Snorkeling Silfra: Our Coldest Adventure Yet

Our most extreme Iceland adventure was definitely snorkeling Silfra, a crack between the North American and Eurasian continents. Located in Þingvallavatn Lake in Þingvellir National Park, the water is a mixture of ground water from the surrounding area and melt water from Langjökull glacier in the highlands. It’s some of the purest and clearest water in the world, attracting divers and snorkelers alike for both the visibility and the geological significance of swimming literally between two continents. It’s also very cold water, about 2°C (or 34°F) year round.

December 31 Sunrise at Þingvellir: 11:20am

December 31 Sunrise at Þingvellir: 11:20am

The water temperature was far warmer than the temperature outside. It was December 31 and the winds were gusting up to 40 miles per hour. The temperature was -1°C (30°F) but felt like -8°C (17°F) that day. The sun had just risen and didn’t provide much warmth as the clouds rolled in and it started snowing. I looked at Tim with an expression that must have said we were insane for snorkeling in cold water in such extreme conditions. “This was your idea,” he said.

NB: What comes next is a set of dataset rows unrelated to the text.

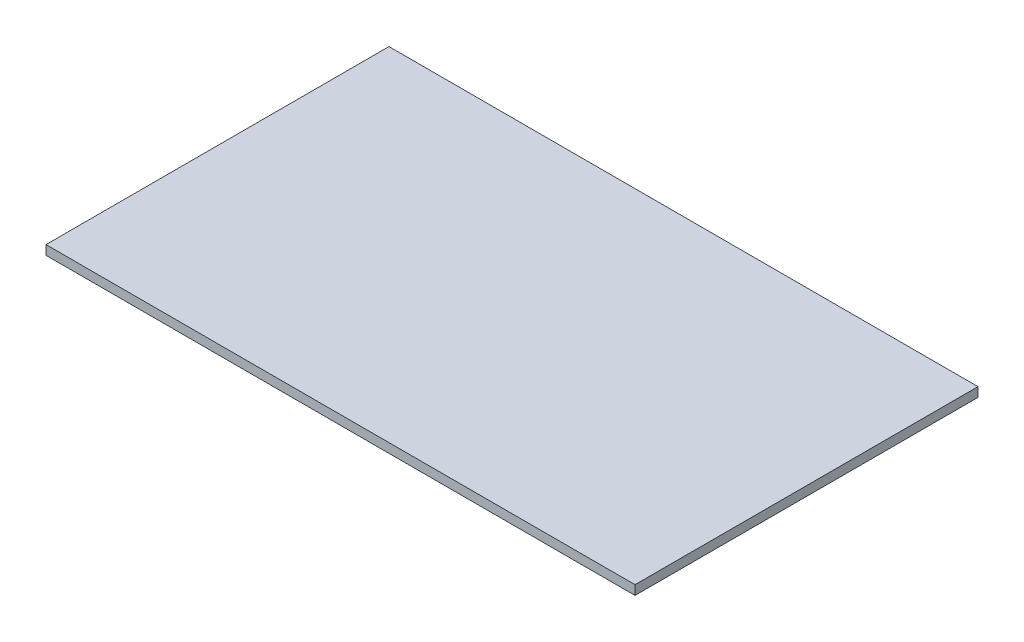
SolidWorks part; units mm, degrees
ref_plane "Front Plane" through (0, 0, 0) normal (0, 0, 1) x (1, 0, 0)
ref_plane "Top Plane" through (0, 0, 0) normal (0, 1, 0) x (1, 0, 0)
ref_plane "Right Plane" through (0, 0, 0) normal (1, 0, 0) x (0, 0, -1)
sketch "Sketch1" plane through (0, 0, 0) normal (0, 1, 0) x (1, 0, 0)
  line L1 (50.165, 29.21) -> (-50.165, 29.21)
  line L2 (50.165, 29.21) -> (50.165, -29.21)
  line L3 (50.165, -29.21) -> (-50.165, -29.21)
  line L4 (-50.165, 29.21) -> (-50.165, -29.21)
  line L5 (50.165, 29.21) -> (-50.165, -29.21) construction
  line L6 (50.165, -29.21) -> (-50.165, 29.21) construction
  point P0 (0, 0)
  dimension "D1" = 100.33
  dimension "D2" = 58.42
extrude "Boss-Extrude1" add sketch "Sketch1" along normal blind 1.5875
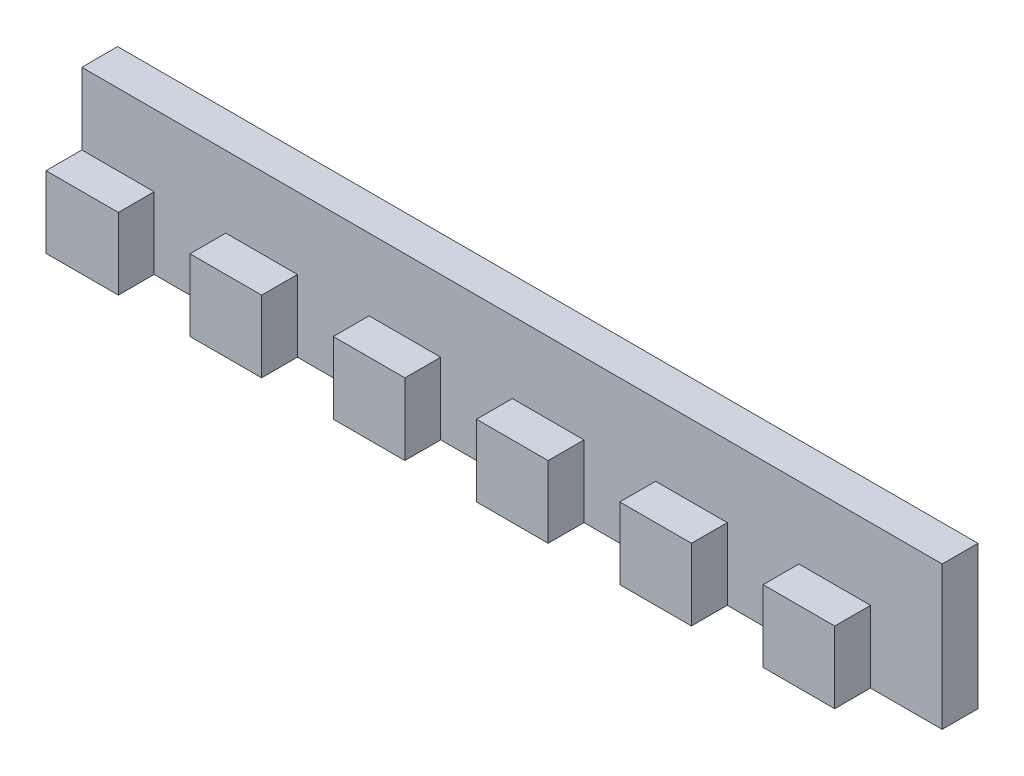
SolidWorks part; units mm, degrees
ref_plane "Спереди" through (0, 0, 0) normal (0, 0, 1) x (1, 0, 0)
ref_plane "Сверху" through (0, 0, 0) normal (0, 1, 0) x (1, 0, 0)
ref_plane "Справа" through (0, 0, 0) normal (1, 0, 0) x (0, 0, -1)
sketch "Эскиз1" plane through (0, 0, 0) normal (0, 1, 0) x (1, 0, 0)
  line L0 (0, 0) -> (10.0994, 0)
  line L1 (10.0994, 0) -> (10.0994, 5)
  line L2 (10.0994, 5) -> (20.0994, 5)
  line L3 (0, 10) -> (0, 0)
  line L4 (20.0994, 5) -> (20.0994, 0)
  line L5 (20.0994, 0) -> (30.0994, 0)
  line L13 (120.0994, 10) -> (0, 10)
  line L44 (120.0994, 5) -> (120.0994, 10)
  line L45 (30.0994, 0) -> (30.0994, 5)
  line L46 (30.0994, 5) -> (40.0994, 5)
  line L47 (40.0994, 5) -> (40.0994, 0)
  line L48 (40.0994, 0) -> (50.0994, 0)
  line L49 (50.0994, 0) -> (50.0994, 5)
  line L50 (50.0994, 5) -> (60.0994, 5)
  line L51 (60.0994, 5) -> (60.0994, 0)
  line L52 (60.0994, 0) -> (70.0994, 0)
  line L53 (70.0994, 0) -> (70.0994, 5)
  line L54 (70.0994, 5) -> (80.0994, 5)
  line L55 (80.0994, 5) -> (80.0994, 0)
  line L56 (80.0994, 0) -> (90.0994, 0)
  line L57 (90.0994, 0) -> (90.0994, 5)
  line L58 (90.0994, 5) -> (100.0994, 5)
  line L59 (100.0994, 5) -> (100.0994, 0)
  line L60 (100.0994, 0) -> (110.0994, 0)
  line L73 (110.0994, 0) -> (110.0994, 5)
  line L74 (110.0994, 5) -> (120.0994, 5)
  point P4 (111.4206, 0)
  dimension "D1" = 5
extrude "Бобышка-Вытянуть1" add sketch "Эскиз1" along normal blind 20
sketch "Эскиз2" plane through (0, 0, 0) normal (-1, 0, 0) x (0, 0, 1)
  line L0 (-10, 20) -> (0, 20) construction
  line L1 (-5, 20) -> (0, 20)
  line L2 (-5, 20) -> (-5, 10)
  line L3 (-5, 10) -> (0, 10)
  line L4 (0, 20) -> (0, 10)
  line L5 (0, 20) -> (0, 0) construction
extrude "Вырез-Вытянуть1" cut sketch "Эскиз2" against normal through all
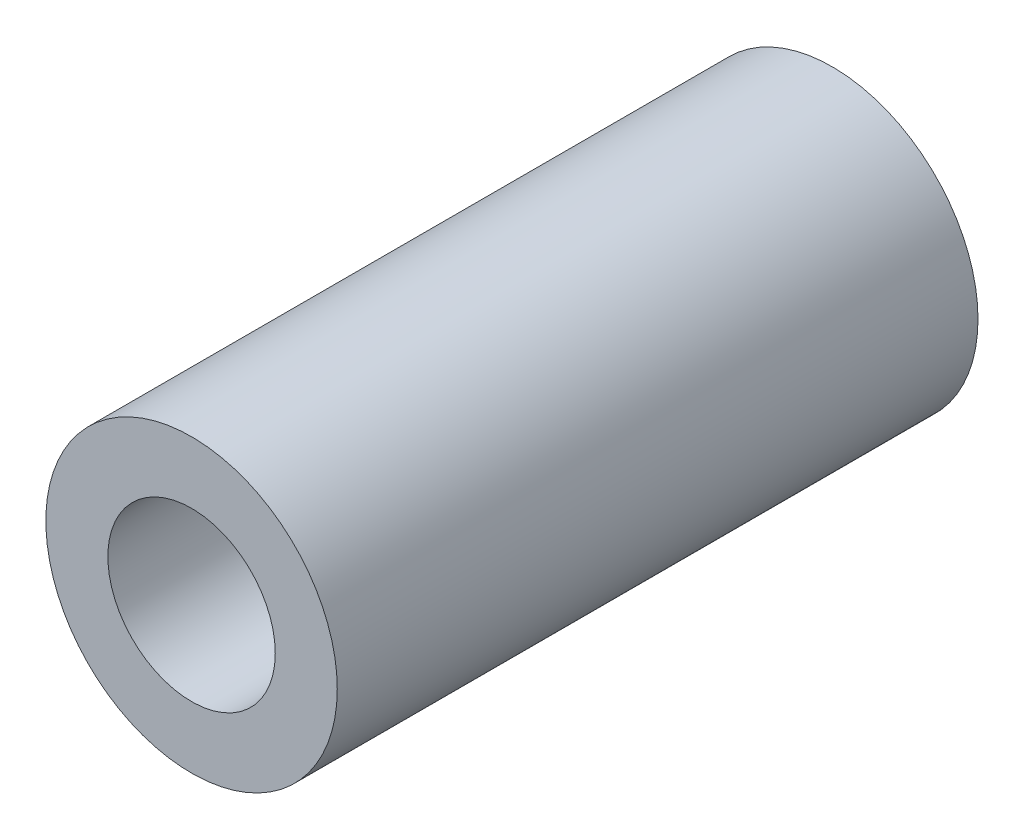
SolidWorks part; units mm, degrees
ref_plane "Front Plane" through (0, 0, 0) normal (0, 0, 1) x (1, 0, 0)
ref_plane "Top Plane" through (0, 0, 0) normal (0, 1, 0) x (1, 0, 0)
ref_plane "Right Plane" through (0, 0, 0) normal (1, 0, 0) x (0, 0, -1)
sketch "Sketch1" plane through (0, 0, 0) normal (0, 0, 1) x (1, 0, 0)
  circle A0 centre (0, 0) radius 4.05
  circle A2 centre (0, 0) radius 7.05
  dimension "D1" = 8.1
  dimension "D2" = 3
extrude "Boss-Extrude1" add sketch "Sketch1" along normal blind 31
imported_body "CARBONFIBERARROW.STEP<1>"
ref_plane "Front Plane-CARBONFIBERARROW" through (0, 0, 0) normal (0, 0, 1) x (1, 0, 0)
ref_plane "Top Plane-CARBONFIBERARROW" through (0, 0, 0) normal (0, 1, 0) x (1, 0, 0)
ref_plane "Right Plane-CARBONFIBERARROW" through (0, 0, 0) normal (1, 0, 0) x (0, 0, -1)
inserted part "CARBONFIBERARROW" parameters "D1.Boss-Extrude1"=150.47, "D1.Sketch2"=6.25, "D2.Sketch2"=7.65

We were advised to wear thermals and thick socks. Dive.IS would provide the rest to keep us warm and comfortable in the water. We met up with our group at Þingvellir National Park and our guides advised us to stay inside the cars with hats and gloves while they readied all of our equipment. With the winds blasting us, I wasn’t about to argue.

Snorkeling Silfra

Suited up in our drysuits

We were each given a warm suit (think a quilted thin snow suit) to go over our thermals and easily zipped them up. Next came the incredibly uncomfortable drysuits. These are NOT easy to get in to. The rubber neck and wrists are tight to form a seal against your skin to keep the water from getting in. And if you’re a girl, be prepared to lose some hair as you shove your head up through the tiny little rubber neck. Our guides were a godsend helping everyone in the group get in to the drysuits.

Snorkeling Silfra

Getting some help with my neoprene gloves

Snorkeling Silfra

Ready to get in the water

Once in the drysuit, I felt like that kid in A Christmas Story that has so many layers he can’t lower his arms. Totally me. And we weren’t done. Next came a neoprene hood, neoprene gloves, a mask, and a snorkel. We carried our flippers and walked (waddled?) from the parking lot across the road and down a path to the dive site.

We were warned that water does come into the neoprene hoods and gloves, so to expect our head and heads to be wet. The water warms inside the hoods and gloves from your body temperature. So you don’t want to move your hands too much because as the cold water continues to enter, it’s harder for it to warm up.

Snorkeling Silfra

I’m in nearly freezing water!

The drysuit keeps you floating right at the surface of the water and I floated on my back for a few minutes while the air pockets balanced out in the suit. It was much more comfortable than I had been waddling around in it. As I flipped over, I braced myself for the cold. The water on my face wasn’t as cold as I was expecting and it took a bit for any water to even enter my gloves since I tend to keep my hands at my sides when snorkeling.

Snorkeling Silfra

Between the continents

The water is incredibly clear and a world of various shades of blue. We floated with the current down the fissure and the water got deeper, visibility was probably around 80 meters. There are no fish to look at, but there is the occasional neon yellow algae waving from the lava rocks. It’s not everyday that we can literally outstretch our arms to touch two continents and drink the glacial water we’re snorkeling in. It’s an amazingly beautiful underwater landscape and unfortunately neoprene mittens aren’t conducive to the best picture taking for us to really be able to do it justice.

Snorkeling Silfra

The Cathedral

We continued drifting until we reached the section of Silfra that is called The Cathedral. Here, walls of lava fall straight down for the most dramatic underwater views. At the end of The Cathedral, a sand slope suddenly appears and the current picks up quite a bit pushing the water out into the lake. It’s here that we needed to make a left turn. Our guides advised that if we did end up in the lake, they wouldn’t be able to immediately come rescue us and we might have a bit of wait. I was NOT missing that turn. I paddled against the current to make that turn.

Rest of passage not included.